Aussie borders closed, but govt making exception for foreign students
While Australia’s borders remain firmly closed to overseas visitors, the government plans to make a notable exception as it races to save its fourthbiggest export: education.
In time for the new semester, authorities are working on a plan to allow 350 international students to be flown into Canberra later this month to resume classes.
Under a trial programme that could be rolled out nationally, the universities and territory government will foot the bill for their two-week quarantine in hotels.
It’s a sign of just how reliant the country’s higher education sector has become on overseas students, who make up roughly a quarter of all enrollment — the second-highest ratio in the world after Luxembourg — and 40 per cent of student revenues due to the higher fees they are charged.
But extraordinary steps to help the A$38 billion export industry recover from the coronavirus lockdown may not be enough.
Australia has fallen behind the United States, United Kingdom and France in the highly competitive market by opening fewer offshore campuses. And with 37 per cent of its international students at universities coming from China last year, it serves as a warning to other nations of the perils of growing too dependent on a single market.
Relations with Beijing are in the deep freeze after Prime Minister Scott Morrison led calls for an inquiry into the source of the Covid-19 outbreak.
It may be several months before the impact of China’s warning shows up in enrollment numbers, which had been plateauing for the past three years.

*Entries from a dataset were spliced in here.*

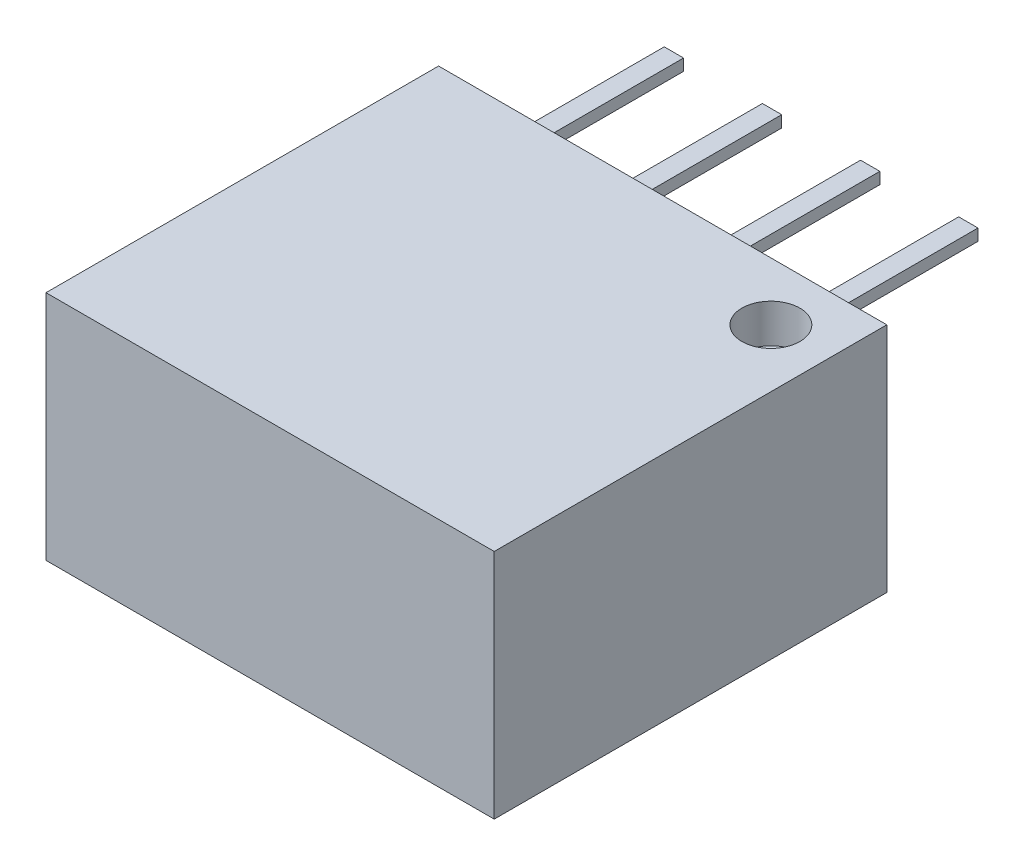
SolidWorks part; units mm, degrees
ref_plane "前视基准面" through (0, 0, 0) normal (0, 0, 1) x (1, 0, 0)
ref_plane "上视基准面" through (0, 0, 0) normal (0, 1, 0) x (1, 0, 0)
ref_plane "右视基准面" through (0, 0, 0) normal (1, 0, 0) x (0, 0, -1)
sketch "草图1" plane through (0, 0, 0) normal (0, 0, 1) x (1, 0, 0)
  line L1 (-5.8, -3) -> (5.8, -3)
  line L2 (-5.8, -3) -> (-5.8, 3)
  line L3 (-5.8, 3) -> (5.8, 3)
  line L4 (5.8, -3) -> (5.8, 3)
  line L5 (-5.8, -3) -> (5.8, 3) construction
  line L6 (-5.8, 3) -> (5.8, -3) construction
  point P0 (0, 0)
  dimension "D1" = 6
  dimension "D2" = 11.6
extrude "凸台-拉伸1" add sketch "草图1" along normal blind 10.16
sketch "草图2" plane through (0, 0, 0) normal (0, 0, -1) x (-1, 0, 0)
  line L0 (-5.8, 3) -> (5.8, 3) construction
  line L1 (-1.52, 1.95) -> (-1.52, 2.25)
  line L2 (-4.06, 1.95) -> (-3.56, 1.95)
  line L3 (-4.06, 1.95) -> (-4.06, 2.25)
  line L4 (1.27, 2.1) -> (-1.27, 2.1) construction
  line L5 (-1.27, 2.1) -> (-3.81, 2.1) construction
  line L6 (1.27, 2.1) -> (3.81, 2.1) construction
  line L7 (-4.06, 2.25) -> (-3.56, 2.25)
  line L8 (-3.56, 1.95) -> (-3.56, 2.25)
  line L9 (-4.06, 1.95) -> (-3.56, 2.25) construction
  line L10 (-4.06, 2.25) -> (-3.56, 1.95) construction
  line L11 (-1.52, 1.95) -> (-1.02, 1.95)
  line L12 (-1.02, 1.95) -> (-1.02, 2.25)
  line L13 (-1.52, 2.25) -> (-1.02, 2.25)
  line L14 (1.02, 1.95) -> (1.02, 2.25)
  line L15 (1.02, 1.95) -> (1.52, 1.95)
  line L16 (1.52, 1.95) -> (1.52, 2.25)
  line L17 (1.02, 2.25) -> (1.52, 2.25)
  line L18 (3.56, 1.95) -> (3.56, 2.25)
  line L19 (3.56, 1.95) -> (4.06, 1.95)
  line L20 (4.06, 1.95) -> (4.06, 2.25)
  line L21 (3.56, 2.25) -> (4.06, 2.25)
  point P4 (0, 2.1)
  dimension "D3" = 4
  dimension "D1" = 0.9
  dimension "D2" = 2.54
  dimension "D4" = 2.54
  dimension "D7" = 2.54
  dimension "D9" = 0.3
  dimension "D10" = 0.5
extrude "凸台-拉伸2" add sketch "草图2" along normal blind 4.1 separate body
sketch "草图3" plane through (0, 3, 0) normal (0, 1, 0) x (1, 0, 0)
  line L0 (5.8, 0) -> (-5.8, 0) construction
  line L1 (5.8, -10.16) -> (5.8, 0) construction
  circle A0 centre (4.3, -1.5) radius 0.75
  dimension "D1" = 1.5
  dimension "D2" = 1.5
  dimension "D3" = 1.5
extrude "切除-拉伸1" cut sketch "草图3" against normal blind 1
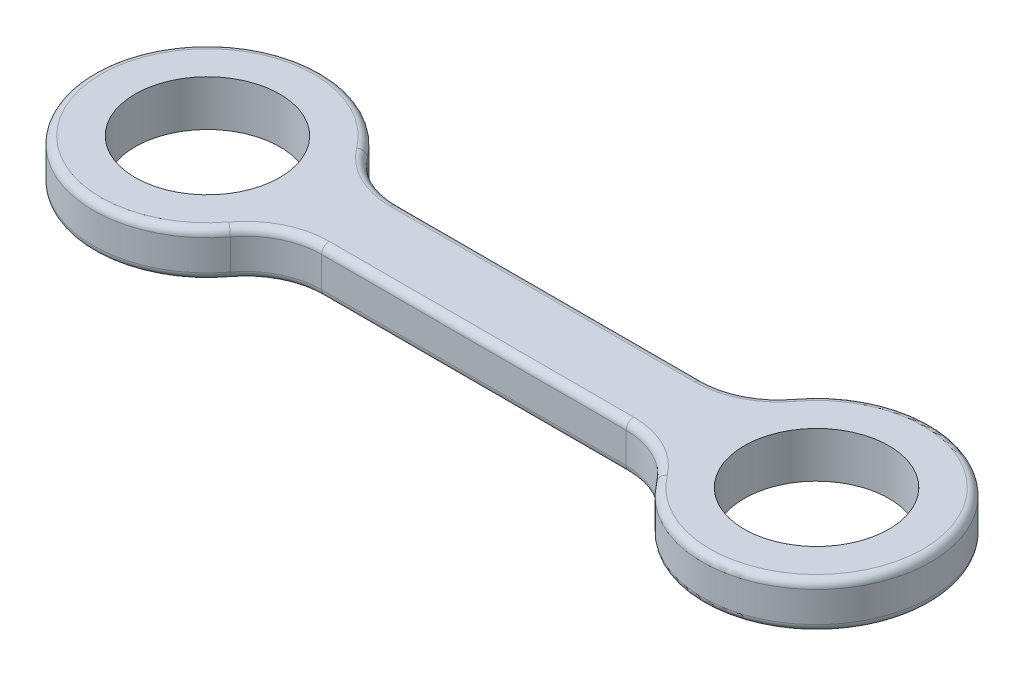
SolidWorks part; units mm, degrees
ref_plane "Front Plane" through (0, 0, 0) normal (0, 0, 1) x (1, 0, 0)
ref_plane "Top Plane" through (0, 0, 0) normal (0, 1, 0) x (1, 0, 0)
ref_plane "Right Plane" through (0, 0, 0) normal (1, 0, 0) x (0, 0, -1)
sketch "Sketch1" plane through (0, 0, 0) normal (0, 1, 0) x (1, 0, 0)
  line L1 (-28.046, 5) -> (11.954, 5)
  line L3 (-28.046, -5) -> (11.954, -5)
  circle A0 centre (-48.046, 0) radius 9.5
  circle A1 centre (31.954, 0) radius 9.5
  arc A2 (-36.046, 9) -> (-36.046, -9) centre (-48.046, 0) ccw
  arc A3 (19.954, -9) -> (19.954, 9) centre (31.954, 0) ccw
  arc A4 (19.954, 9) -> (11.954, 5) centre (11.954, 15) cw
  arc A5 (19.954, -9) -> (11.954, -5) centre (11.954, -15) ccw
  arc A6 (-28.046, -5) -> (-36.046, -9) centre (-28.046, -15) ccw
  arc A7 (-28.046, 5) -> (-36.046, 9) centre (-28.046, 15) cw
  point P6 (-48.046, 5)
  point P8 (31.954, 5)
  point P9 (-48.046, -5)
  point P10 (49.3563, -5)
  dimension "D1" = 19
  dimension "D2" = 19
  dimension "D3" = 30
  dimension "D4" = 30
  dimension "D5" = 10
  dimension "D6" = 80
  dimension "D7" = 10
extrude "Boss-Extrude1" add sketch "Sketch1" along normal blind 6
fillet "Fillet1" radius 1 16 edges at (-63.046, 0, 0) (-32.5181, 0, -6.0557) (-8.046, 0, -5) (16.4262, 0, -6.0557) (46.954, 0, 0) (16.4262, 0, 6.0557) (-8.046, 0, 5) (-32.5181, 6, 6.0557) (-63.046, 6, 0) (-32.5181, 6, -6.0557) (-8.046, 6, -5) (16.4262, 6, -6.0557) (46.954, 6, 0) (16.4262, 6, 6.0557) (-32.5181, 0, 6.0557) (-8.046, 6, 5)

But a recent survey by the staterun Global Times was ominous. More than 80 per cent of respondents said they would “definitely or somewhat consider” bilateral relations when choosing their study and travel destinations.
“We don’t have a one-year problem — we have a two-, three-, four-year problem”, if students are unable to return to Australia and the delays drag out across their degrees, said Catriona Jackson, chief executive of Universities Australia. The group forecasts lost revenue of as much as A$16 billion by 2023.
The US, Canada and the UK have been proactive in rolling out their curricula in international schools in countries such as China, effectively paving a pathway to their universities, according to Phil Honeywood, chief executive of the International Education Association of Australia.
If Australia can “provide a more comprehensive narrative about our genuine care for international students’ welfare, then we’ll be better placed against many other” countries, Honeywood said. “If we move quickly.”